- _Required action_
A bare number is all that is needed: how many lines below contain the string "amount"?

- _Excerpted records_

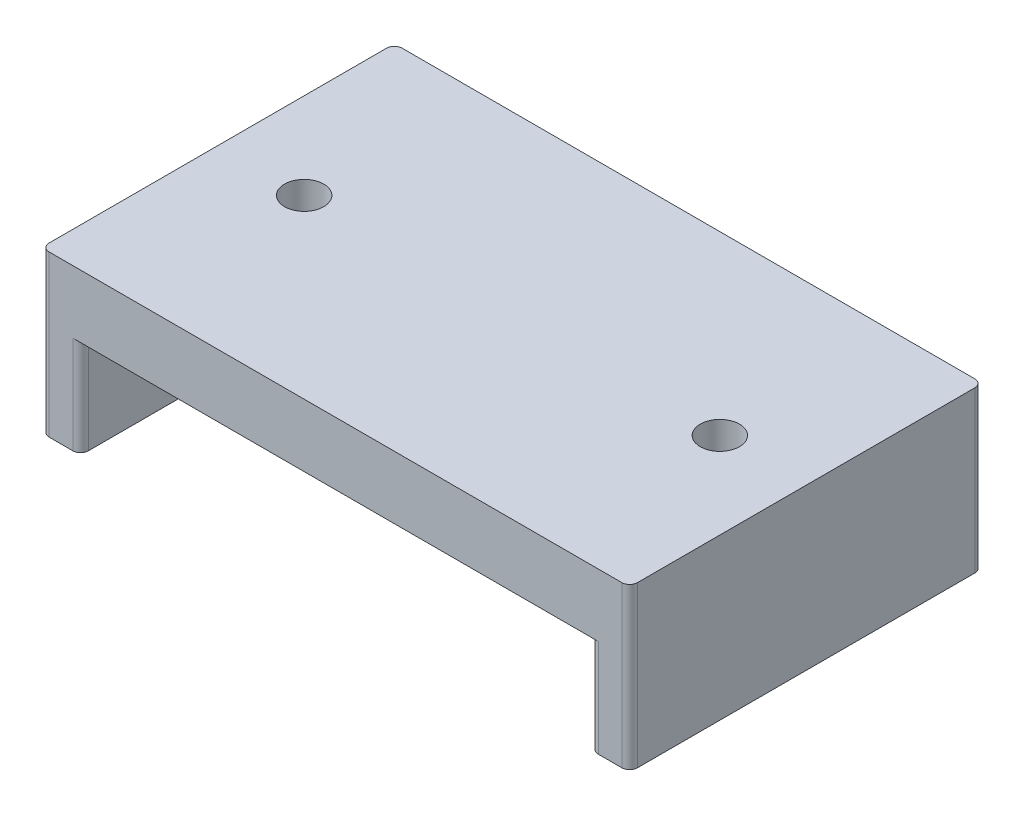
from build123d import *

# Parameters (mm, degrees)
BOSS_EXTRUDE1_DEPTH = 45
SKETCH2_R           = 2.5
CUT_EXTRUDE1_DEPTH  = 89.345925203
FILLET1_R           = 1


with BuildPart() as part:
    # Sketch1 → Boss-Extrude1 (new body)
    with BuildSketch(Plane.XY):
        Polygon((0, 0), (5, 0), (5, 12.45), (70, 12.45), (70, 0), (75, 0), (75, 20.45), (0, 20.45), align=None)
    extrude(amount=BOSS_EXTRUDE1_DEPTH)

    # Sketch2 → Cut-Extrude1 (cut, through all)
    with BuildSketch(Plane.XZ.offset(-12.45)):
        with Locations(Location((11, 22.5, 0), (0, 0, 270))):
            Circle(SKETCH2_R)
        with Locations(Location((64, 22.5, 0), (0, 0, 270))):
            Circle(SKETCH2_R)
    extrude(amount=-CUT_EXTRUDE1_DEPTH, mode=Mode.SUBTRACT)

    # Fillet1
    fillet1_edges = [part.edges().sort_by_distance(p)[0] for p in [
        (5, 6.225, 0),
        (0, 10.225, 0),
        (5, 6.225, 45),
        (70, 6.225, 45),
        (75, 10.225, 45),
        (0, 10.225, 45),
        (75, 10.225, 0),
        (70, 6.225, 0),
    ]]
    fillet(fillet1_edges, radius=FILLET1_R)


solid = part.part

- _Answer space_
2